Short Sale Tip of The Week 6-17-09

Posted on 16. Jun, 2009 by ctlms in Short Sale, foreclosure

What are the consequences of a short sale? Part 2

Ok, this week are going to discuss the tax implications of a short sale.

First off let’s take care of one common misconception about a short sale.  When the lender agrees to accept a short sale they have 2 choices.  They can write off the loss and the seller will receive a 1099-C or they can pursue the deficiency balance.  They cannot do both.  If they forgive the debt the seller gets the 1099, if they do not forgive the debt there is no 1099.

Now just because the bank forgives the debt does not mean the seller will receive a 1099.  The banks are so screwed up these days that many times they never send it out.  That does not relieve the seller’s responsibility to claim it on their taxes however.  Though without the 1099 they really would not know the exact amount of the forgiven debt, also the IRS would never have been informed of the forgiven debt if the lender never filed the 1099 to begin with.
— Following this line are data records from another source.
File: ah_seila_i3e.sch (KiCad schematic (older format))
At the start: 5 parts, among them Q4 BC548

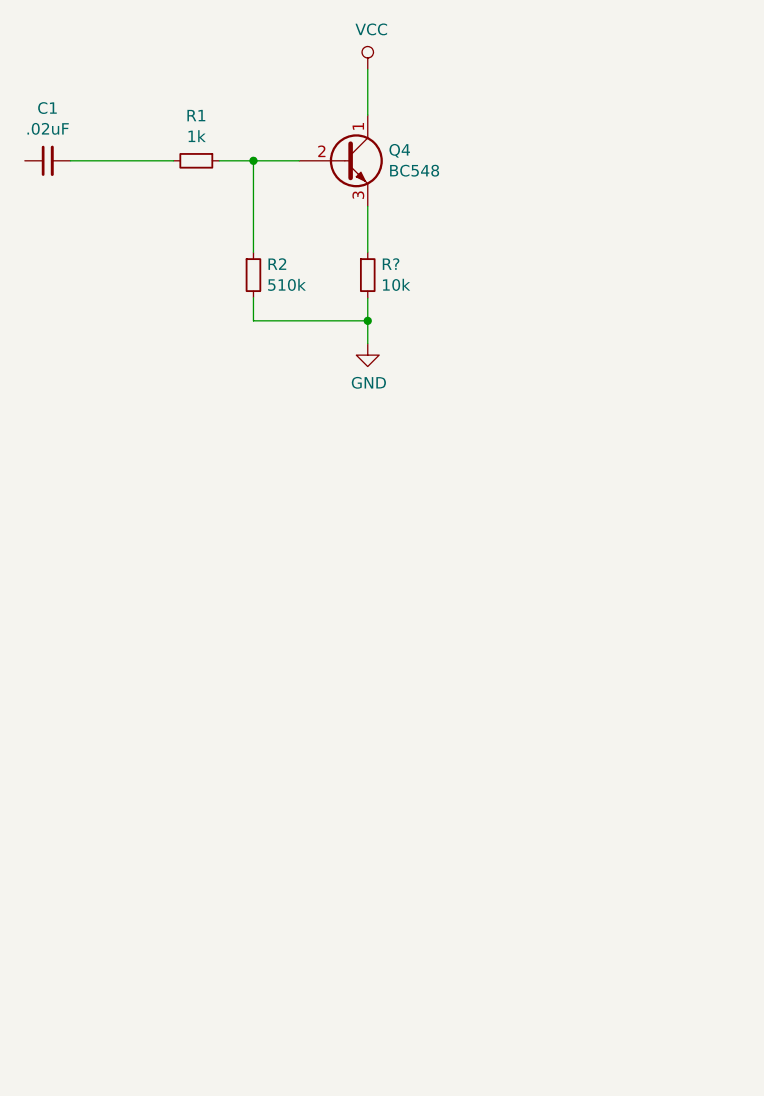
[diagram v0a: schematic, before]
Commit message: footprints selecionadas
selecionados os encapsulamentos
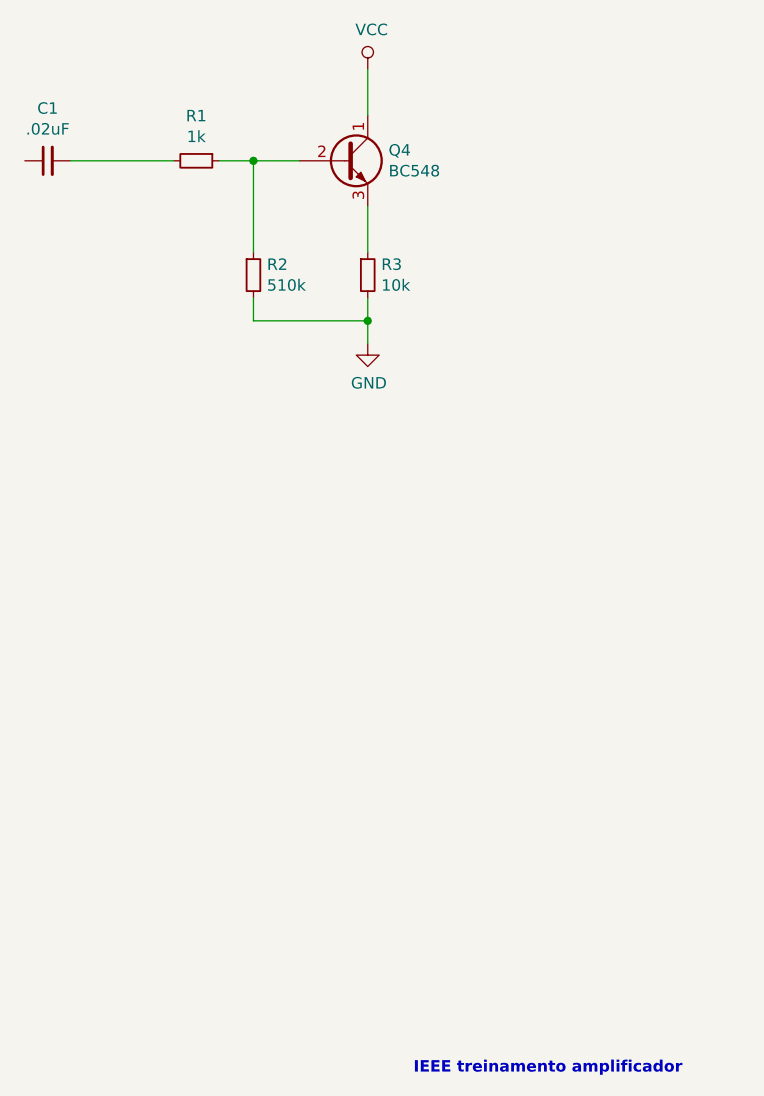
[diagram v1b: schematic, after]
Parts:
- C1: footprint (none) -> Capacitor_THT:C_Disc_D3.0mm_W2.0mm_P2.50mm
- R1, R2: footprint (none) -> Resistor_THT:R_Axial_DIN0207_L6.3mm_D2.5mm_P7.62mm_Horizontal
- R3: renamed from R?; footprint (none) -> Resistor_THT:R_Axial_DIN0207_L6.3mm_D2.5mm_P7.62mm_Horizontal
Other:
- note added: "IEEE treinamento amplificador"
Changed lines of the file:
@@
 F 0 "R2" H 6709 4046 50  0000 L CNN
 F 1 "510k" H 6709 3955 50  0000 L CNN
-F 2 "" H 6650 4000 50  0001 C CNN
+F 2 "Resistor_THT:R_Axial_DIN0207_L6.3mm_D2.5mm_P7.62mm_Horizontal" H 6650 4000 50  0001 C CNN
 F 3 "~" H 6650 4000 50  0001 C CNN
 	1    6650 4000
@@
 F 0 "R1" V 6204 3500 50  0000 C CNN
 F 1 "1k" V 6295 3500 50  0000 C CNN
-F 2 "" H 6400 3500 50  0001 C CNN
+F 2 "Resistor_THT:R_Axial_DIN0207_L6.3mm_D2.5mm_P7.62mm_Horizontal" H 6400 3500 50  0001 C CNN
 F 3 "~" H 6400 3500 50  0001 C CNN
 	1    6400 3500
@@
 $EndComp
 $Comp
-L Device:R_Small R?
+L Device:R_Small R3
 U 1 1 5D4E5023
 P 7150 4000
-F 0 "R?" H 7209 4046 50  0000 L CNN
+F 0 "R3" H 7209 4046 50  0000 L CNN
 F 1 "10k" H 7209 3955 50  0000 L CNN
-F 2 "" H 7150 4000 50  0001 C CNN
+F 2 "Resistor_THT:R_Axial_DIN0207_L6.3mm_D2.5mm_P7.62mm_Horizontal" H 7150 4000 50  0001 C CNN
 F 3 "~" H 7150 4000 50  0001 C CNN
 	1    7150 4000
@@
 $EndComp
 $Comp
-L power:GND #PWR?
+L power:GND #PWR0101
 U 1 1 5D4EA839
 P 7150 4300
-F 0 "#PWR?" H 7150 4050 50  0001 C CNN
+F 0 "#PWR0101" H 7150 4050 50  0001 C CNN
 F 1 "GND" H 7155 4127 50  0000 C CNN
 F 2 "" H 7150 4300 50  0001 C CNN
@@
 $EndComp
 $Comp
-L power:VCC #PWR?
+L power:VCC #PWR0102
 U 1 1 5D4EB24B
 P 7150 3100
-F 0 "#PWR?" H 7150 2950 50  0001 C CNN
+F 0 "#PWR0102" H 7150 2950 50  0001 C CNN
 F 1 "VCC" H 7167 3273 50  0000 C CNN
 F 2 "" H 7150 3100 50  0001 C CNN
@@
 F 0 "C1" V 5979 3500 50  0000 C CNN
 F 1 ".02uF" V 5888 3500 50  0000 C CNN
-F 2 "" H 5750 3500 50  0001 C CNN
+F 2 "Capacitor_THT:C_Disc_D3.0mm_W2.0mm_P2.50mm" H 5750 3500 50  0001 C CNN
 F 3 "~" H 5750 3500 50  0001 C CNN
 	1    5750 3500
@@
 Wire Wire Line
 	7150 4200 7150 4300
+Text Notes 7350 7500 0    50   ~ 10
+IEEE treinamento amplificador
 $EndSCHEMATC

It is not the end of the world for the seller to receive a 1099 either.  First of all it means that they successfully short saled their home and were relieved from the obligation to repay the difference. Also the tax on the forgiven debt would be substantially less than the debt itself.  So the sellers are already in a better place than they could have been.

Most of the time the sellers will owe little or no tax on the forgiven debt.  There are exceptions in the IRS code that allow the taxable gain on forgiven debt to be excluded from the seller’s tax liabilities.  In Dec. 2007 HR3648 was passed which basically relieved homeowners from owing taxes on forgiven debt if the debt was for a mortgage on their primary residence and the loan was used to purchase the home.  If the loan was a cash-out refinance it becomes more complicated as any money not used to pay off the existing loan or improve the house does not qualify for the exemption.  And obviously investment properties, which are not primary residences, do not qualify.

Yet another exemption which has long been used to exclude the tax liability of a 1099 for debt forgiveness is the Insolvency Exemption.  Basically this rule states that if the seller is insolvent they will not have to pay the taxes.  The IRS considers you insolvent if your debts exceed your assets.  If the seller just had to sell their home for less than they owed on it, it is pretty likely that their debts will exceed their assets since most peoples homes are their only real asset.

Obviously your sellers should always seek a competent CPA for further clarification of the tax consequences of a short sale and what will be required when it comes time to file their return.